→ Task to carry out
Extract from the entries below, exactly as given, only the lines from the line containing "B52_Rot_P32 = eye(3)" to the line containing "Bc1_r_Bc1B31 = [0;0;0]", both lines included.

→ Provided information
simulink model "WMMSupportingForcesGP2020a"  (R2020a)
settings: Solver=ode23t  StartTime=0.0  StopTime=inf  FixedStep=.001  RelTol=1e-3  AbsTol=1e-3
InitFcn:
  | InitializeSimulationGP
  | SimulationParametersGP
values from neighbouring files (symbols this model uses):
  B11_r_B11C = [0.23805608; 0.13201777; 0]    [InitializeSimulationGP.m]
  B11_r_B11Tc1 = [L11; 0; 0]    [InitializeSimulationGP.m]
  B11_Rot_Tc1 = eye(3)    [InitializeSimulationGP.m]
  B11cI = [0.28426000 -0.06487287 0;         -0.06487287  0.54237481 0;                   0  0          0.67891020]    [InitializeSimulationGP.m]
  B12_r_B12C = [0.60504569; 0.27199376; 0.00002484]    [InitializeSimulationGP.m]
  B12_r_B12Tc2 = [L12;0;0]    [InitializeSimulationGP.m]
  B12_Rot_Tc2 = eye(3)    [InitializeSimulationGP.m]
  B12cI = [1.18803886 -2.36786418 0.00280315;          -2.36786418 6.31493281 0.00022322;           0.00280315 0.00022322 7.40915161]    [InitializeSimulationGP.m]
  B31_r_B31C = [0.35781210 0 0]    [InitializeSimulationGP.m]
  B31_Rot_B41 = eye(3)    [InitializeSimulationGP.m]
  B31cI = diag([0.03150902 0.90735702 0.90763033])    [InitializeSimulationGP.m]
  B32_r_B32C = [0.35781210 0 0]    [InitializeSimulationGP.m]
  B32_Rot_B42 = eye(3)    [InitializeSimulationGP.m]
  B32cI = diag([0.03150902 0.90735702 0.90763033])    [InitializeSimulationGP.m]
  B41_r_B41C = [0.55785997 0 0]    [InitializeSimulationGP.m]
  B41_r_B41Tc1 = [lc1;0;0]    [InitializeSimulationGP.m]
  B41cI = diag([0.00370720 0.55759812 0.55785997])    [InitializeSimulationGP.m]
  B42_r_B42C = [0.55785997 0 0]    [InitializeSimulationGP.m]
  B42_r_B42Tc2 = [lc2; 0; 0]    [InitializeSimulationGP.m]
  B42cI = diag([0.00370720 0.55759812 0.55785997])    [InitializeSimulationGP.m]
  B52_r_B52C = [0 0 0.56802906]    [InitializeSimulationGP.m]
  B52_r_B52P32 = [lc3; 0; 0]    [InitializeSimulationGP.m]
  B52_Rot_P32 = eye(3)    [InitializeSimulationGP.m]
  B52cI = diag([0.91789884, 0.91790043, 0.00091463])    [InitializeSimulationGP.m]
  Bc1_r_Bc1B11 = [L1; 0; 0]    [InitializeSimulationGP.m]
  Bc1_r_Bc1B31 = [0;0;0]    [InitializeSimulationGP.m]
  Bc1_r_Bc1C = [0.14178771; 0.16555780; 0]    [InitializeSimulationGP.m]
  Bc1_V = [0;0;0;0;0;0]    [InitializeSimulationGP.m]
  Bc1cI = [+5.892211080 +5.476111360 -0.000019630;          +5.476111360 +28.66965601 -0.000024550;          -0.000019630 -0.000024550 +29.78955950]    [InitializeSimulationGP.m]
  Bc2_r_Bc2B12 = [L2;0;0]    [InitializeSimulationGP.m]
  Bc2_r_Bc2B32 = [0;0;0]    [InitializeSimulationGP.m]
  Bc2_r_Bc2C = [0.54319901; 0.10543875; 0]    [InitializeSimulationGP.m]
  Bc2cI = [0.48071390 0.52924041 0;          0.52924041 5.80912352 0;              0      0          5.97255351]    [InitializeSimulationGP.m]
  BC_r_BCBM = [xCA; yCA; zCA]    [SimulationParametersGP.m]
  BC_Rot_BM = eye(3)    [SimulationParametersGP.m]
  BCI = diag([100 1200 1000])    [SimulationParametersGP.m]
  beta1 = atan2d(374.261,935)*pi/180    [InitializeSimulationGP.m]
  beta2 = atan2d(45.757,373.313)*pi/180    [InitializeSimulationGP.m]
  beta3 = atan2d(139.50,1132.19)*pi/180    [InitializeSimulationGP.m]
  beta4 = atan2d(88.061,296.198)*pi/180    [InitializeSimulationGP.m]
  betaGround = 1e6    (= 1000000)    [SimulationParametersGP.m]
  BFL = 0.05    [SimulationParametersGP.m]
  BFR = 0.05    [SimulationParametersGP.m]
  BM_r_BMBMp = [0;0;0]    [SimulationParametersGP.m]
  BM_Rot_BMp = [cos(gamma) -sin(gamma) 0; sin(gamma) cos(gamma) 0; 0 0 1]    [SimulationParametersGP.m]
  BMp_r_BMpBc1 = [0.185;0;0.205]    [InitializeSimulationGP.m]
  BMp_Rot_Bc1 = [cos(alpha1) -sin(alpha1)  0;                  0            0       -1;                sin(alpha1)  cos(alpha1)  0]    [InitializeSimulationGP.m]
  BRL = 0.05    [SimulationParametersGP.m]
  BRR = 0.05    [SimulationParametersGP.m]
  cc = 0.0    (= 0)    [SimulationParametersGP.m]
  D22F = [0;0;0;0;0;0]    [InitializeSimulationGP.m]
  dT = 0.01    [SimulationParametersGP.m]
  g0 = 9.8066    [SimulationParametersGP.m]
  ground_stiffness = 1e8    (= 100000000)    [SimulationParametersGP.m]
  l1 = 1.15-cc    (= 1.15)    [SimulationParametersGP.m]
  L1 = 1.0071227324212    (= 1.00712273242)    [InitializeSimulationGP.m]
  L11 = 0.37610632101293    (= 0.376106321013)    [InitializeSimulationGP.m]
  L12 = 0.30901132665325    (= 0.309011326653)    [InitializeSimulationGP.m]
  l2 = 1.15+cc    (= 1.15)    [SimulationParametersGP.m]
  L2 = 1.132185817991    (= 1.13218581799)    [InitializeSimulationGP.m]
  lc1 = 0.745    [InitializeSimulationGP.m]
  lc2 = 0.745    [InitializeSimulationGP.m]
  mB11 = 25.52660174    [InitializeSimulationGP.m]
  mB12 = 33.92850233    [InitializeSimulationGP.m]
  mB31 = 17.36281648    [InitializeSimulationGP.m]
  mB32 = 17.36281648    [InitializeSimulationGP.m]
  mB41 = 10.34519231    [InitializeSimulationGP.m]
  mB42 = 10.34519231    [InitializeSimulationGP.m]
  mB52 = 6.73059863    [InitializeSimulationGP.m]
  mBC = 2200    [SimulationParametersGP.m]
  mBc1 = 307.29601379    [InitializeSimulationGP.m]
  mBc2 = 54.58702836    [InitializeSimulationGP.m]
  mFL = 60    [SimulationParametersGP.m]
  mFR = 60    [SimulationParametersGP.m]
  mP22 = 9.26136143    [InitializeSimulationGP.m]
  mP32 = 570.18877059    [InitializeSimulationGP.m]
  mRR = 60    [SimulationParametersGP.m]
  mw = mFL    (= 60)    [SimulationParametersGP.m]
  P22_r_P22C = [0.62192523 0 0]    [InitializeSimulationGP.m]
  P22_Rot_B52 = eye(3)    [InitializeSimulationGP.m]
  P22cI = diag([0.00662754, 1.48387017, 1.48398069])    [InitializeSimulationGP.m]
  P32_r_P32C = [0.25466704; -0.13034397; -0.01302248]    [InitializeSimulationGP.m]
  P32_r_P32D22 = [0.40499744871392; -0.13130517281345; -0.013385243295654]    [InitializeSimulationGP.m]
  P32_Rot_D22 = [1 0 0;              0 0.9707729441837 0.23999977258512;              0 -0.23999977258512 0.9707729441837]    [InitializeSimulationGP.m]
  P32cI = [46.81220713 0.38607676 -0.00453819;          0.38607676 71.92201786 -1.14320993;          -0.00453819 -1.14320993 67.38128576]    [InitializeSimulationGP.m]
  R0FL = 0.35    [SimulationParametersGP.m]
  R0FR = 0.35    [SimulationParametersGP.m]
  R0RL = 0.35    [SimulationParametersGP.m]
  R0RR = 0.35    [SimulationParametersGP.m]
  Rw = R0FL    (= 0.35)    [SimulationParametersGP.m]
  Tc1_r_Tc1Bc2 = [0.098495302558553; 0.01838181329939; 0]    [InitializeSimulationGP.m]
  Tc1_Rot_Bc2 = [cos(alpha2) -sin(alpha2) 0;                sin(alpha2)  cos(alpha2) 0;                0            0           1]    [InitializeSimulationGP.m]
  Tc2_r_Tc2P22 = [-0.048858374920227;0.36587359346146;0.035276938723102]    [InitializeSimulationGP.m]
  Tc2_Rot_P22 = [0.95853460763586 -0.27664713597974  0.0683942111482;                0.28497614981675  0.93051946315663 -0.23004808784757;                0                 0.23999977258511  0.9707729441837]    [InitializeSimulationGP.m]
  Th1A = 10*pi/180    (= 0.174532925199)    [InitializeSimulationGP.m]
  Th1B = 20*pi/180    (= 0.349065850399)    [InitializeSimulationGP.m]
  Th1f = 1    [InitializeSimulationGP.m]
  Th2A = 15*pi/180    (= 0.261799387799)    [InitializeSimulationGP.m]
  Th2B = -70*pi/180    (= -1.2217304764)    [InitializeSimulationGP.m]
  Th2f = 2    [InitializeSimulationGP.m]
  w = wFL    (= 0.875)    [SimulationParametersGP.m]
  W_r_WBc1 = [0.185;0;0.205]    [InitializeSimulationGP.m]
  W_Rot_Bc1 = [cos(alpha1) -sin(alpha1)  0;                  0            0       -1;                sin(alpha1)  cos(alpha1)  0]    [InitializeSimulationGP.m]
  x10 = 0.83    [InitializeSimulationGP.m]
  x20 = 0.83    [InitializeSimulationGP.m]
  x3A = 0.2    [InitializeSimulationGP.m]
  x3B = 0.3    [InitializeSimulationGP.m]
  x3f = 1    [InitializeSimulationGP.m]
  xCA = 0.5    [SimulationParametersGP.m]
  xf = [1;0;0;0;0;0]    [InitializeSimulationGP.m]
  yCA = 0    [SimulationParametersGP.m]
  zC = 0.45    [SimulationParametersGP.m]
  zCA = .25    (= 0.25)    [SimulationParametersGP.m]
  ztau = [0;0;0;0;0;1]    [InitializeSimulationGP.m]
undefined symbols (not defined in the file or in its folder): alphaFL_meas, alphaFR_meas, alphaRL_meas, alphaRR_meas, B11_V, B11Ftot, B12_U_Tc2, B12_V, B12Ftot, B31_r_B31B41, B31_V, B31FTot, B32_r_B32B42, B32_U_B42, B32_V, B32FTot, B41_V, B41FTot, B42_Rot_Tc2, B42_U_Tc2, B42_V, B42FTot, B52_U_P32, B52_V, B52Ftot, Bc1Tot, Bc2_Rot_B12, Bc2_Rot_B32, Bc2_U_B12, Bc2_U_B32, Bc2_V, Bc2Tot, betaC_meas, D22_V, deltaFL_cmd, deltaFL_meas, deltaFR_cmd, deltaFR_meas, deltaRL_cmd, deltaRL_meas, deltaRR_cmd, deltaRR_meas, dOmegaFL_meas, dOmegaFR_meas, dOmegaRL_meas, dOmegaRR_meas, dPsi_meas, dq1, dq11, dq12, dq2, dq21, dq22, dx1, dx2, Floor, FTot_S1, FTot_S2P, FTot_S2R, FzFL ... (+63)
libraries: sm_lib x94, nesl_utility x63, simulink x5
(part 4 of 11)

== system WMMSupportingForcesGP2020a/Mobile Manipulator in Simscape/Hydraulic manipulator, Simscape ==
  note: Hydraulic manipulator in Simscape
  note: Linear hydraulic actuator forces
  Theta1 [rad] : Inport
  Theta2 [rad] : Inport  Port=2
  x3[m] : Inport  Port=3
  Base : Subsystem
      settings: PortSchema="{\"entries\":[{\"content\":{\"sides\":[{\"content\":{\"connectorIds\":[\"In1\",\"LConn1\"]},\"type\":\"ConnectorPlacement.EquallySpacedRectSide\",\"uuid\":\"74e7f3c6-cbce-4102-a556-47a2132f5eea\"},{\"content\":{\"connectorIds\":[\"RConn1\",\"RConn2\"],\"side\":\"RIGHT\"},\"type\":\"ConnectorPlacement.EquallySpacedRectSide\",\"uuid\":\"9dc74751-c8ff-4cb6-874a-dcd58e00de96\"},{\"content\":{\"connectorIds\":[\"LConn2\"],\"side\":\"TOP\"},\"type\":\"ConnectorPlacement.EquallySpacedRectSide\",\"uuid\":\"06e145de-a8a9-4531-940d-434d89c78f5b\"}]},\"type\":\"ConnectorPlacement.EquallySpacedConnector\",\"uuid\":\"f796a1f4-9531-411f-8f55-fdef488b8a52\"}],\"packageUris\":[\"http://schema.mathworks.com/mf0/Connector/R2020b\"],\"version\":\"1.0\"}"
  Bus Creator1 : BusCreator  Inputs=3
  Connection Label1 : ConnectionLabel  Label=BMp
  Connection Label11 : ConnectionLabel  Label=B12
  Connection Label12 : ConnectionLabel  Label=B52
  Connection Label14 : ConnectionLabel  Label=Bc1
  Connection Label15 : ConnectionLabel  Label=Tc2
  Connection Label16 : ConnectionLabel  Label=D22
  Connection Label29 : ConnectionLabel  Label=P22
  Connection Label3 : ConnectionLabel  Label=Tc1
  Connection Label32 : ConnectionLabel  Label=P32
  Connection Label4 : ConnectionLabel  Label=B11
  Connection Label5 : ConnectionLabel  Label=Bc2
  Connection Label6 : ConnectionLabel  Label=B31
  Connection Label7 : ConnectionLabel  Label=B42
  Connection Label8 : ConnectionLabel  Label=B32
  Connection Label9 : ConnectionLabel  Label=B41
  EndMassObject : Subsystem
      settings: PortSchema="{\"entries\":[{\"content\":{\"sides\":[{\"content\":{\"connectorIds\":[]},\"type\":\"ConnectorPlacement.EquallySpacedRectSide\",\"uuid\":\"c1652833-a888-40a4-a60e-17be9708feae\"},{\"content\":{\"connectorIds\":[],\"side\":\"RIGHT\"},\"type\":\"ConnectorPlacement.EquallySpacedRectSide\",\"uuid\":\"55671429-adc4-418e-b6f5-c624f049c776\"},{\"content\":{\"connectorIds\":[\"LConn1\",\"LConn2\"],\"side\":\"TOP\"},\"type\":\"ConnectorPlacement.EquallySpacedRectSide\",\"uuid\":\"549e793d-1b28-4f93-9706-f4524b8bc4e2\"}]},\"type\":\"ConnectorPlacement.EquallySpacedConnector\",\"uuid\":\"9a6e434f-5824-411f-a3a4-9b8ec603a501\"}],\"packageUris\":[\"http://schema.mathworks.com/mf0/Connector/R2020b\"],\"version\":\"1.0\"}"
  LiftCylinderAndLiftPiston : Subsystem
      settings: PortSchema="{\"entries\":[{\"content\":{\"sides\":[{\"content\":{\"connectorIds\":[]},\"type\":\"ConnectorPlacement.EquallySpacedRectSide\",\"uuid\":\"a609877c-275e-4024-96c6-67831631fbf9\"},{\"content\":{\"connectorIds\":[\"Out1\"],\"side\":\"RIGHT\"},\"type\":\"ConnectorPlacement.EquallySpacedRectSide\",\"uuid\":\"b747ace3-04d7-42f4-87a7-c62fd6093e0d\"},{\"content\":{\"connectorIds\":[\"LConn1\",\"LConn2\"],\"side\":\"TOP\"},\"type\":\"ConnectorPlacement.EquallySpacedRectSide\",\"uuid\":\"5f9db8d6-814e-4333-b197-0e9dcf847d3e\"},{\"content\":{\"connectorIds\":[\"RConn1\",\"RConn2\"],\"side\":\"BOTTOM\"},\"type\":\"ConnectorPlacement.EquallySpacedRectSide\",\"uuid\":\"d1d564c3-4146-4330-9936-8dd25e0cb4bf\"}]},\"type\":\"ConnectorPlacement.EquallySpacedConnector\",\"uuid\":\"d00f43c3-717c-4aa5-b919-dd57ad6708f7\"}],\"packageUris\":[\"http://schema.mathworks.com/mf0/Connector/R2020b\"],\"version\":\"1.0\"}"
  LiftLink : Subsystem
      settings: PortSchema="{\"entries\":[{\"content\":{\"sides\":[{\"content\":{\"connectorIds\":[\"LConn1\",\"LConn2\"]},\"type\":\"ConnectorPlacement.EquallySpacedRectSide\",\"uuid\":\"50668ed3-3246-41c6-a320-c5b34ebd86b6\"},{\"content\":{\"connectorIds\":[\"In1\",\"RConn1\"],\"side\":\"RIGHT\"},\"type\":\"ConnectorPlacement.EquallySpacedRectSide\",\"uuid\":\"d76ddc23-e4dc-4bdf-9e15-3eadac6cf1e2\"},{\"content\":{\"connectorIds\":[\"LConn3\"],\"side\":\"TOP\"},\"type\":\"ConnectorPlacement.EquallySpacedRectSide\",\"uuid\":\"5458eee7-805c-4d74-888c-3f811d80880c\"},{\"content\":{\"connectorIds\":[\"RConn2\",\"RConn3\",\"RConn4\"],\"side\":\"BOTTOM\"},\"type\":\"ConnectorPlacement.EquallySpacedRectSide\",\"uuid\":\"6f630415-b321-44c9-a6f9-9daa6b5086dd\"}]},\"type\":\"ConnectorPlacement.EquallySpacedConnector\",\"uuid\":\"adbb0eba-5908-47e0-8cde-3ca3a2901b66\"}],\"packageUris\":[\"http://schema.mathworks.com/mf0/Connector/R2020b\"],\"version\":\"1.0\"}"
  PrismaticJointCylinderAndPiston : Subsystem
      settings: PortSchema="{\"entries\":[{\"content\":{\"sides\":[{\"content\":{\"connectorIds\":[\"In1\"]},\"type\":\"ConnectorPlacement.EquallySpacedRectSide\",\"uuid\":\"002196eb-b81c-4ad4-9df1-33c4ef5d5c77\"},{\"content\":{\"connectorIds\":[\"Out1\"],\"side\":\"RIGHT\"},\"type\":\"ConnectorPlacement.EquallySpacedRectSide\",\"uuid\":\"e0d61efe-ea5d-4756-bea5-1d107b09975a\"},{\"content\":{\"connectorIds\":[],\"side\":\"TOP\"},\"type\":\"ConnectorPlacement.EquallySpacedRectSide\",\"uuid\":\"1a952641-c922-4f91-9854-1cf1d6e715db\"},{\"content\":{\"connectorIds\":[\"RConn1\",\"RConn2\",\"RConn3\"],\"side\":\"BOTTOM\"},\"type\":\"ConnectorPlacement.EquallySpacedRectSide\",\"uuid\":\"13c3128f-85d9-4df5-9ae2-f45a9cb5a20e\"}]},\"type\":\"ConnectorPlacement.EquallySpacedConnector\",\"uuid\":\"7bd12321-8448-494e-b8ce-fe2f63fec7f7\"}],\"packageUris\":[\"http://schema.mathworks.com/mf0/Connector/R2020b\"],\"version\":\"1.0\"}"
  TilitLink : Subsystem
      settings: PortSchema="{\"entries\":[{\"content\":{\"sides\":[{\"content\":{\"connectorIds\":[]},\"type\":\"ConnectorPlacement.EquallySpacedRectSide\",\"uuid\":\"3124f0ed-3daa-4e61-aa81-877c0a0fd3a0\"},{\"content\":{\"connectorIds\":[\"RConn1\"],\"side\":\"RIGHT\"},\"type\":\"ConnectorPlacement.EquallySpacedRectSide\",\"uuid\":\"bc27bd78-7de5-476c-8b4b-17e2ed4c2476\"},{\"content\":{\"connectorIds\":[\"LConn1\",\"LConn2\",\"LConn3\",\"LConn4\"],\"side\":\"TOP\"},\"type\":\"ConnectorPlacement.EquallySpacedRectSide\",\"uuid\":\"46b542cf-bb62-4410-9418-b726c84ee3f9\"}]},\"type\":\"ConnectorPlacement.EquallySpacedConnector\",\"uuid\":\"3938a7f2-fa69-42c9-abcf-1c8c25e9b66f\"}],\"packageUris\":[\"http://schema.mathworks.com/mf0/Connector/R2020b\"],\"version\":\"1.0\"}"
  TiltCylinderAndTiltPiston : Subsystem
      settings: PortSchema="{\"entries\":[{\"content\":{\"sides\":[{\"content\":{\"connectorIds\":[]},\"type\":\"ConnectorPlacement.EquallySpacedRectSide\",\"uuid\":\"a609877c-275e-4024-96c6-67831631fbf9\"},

→ Answer for the task
  B52_Rot_P32 = eye(3)    [InitializeSimulationGP.m]
  B52cI = diag([0.91789884, 0.91790043, 0.00091463])    [InitializeSimulationGP.m]
  Bc1_r_Bc1B11 = [L1; 0; 0]    [InitializeSimulationGP.m]
  Bc1_r_Bc1B31 = [0;0;0]    [InitializeSimulationGP.m]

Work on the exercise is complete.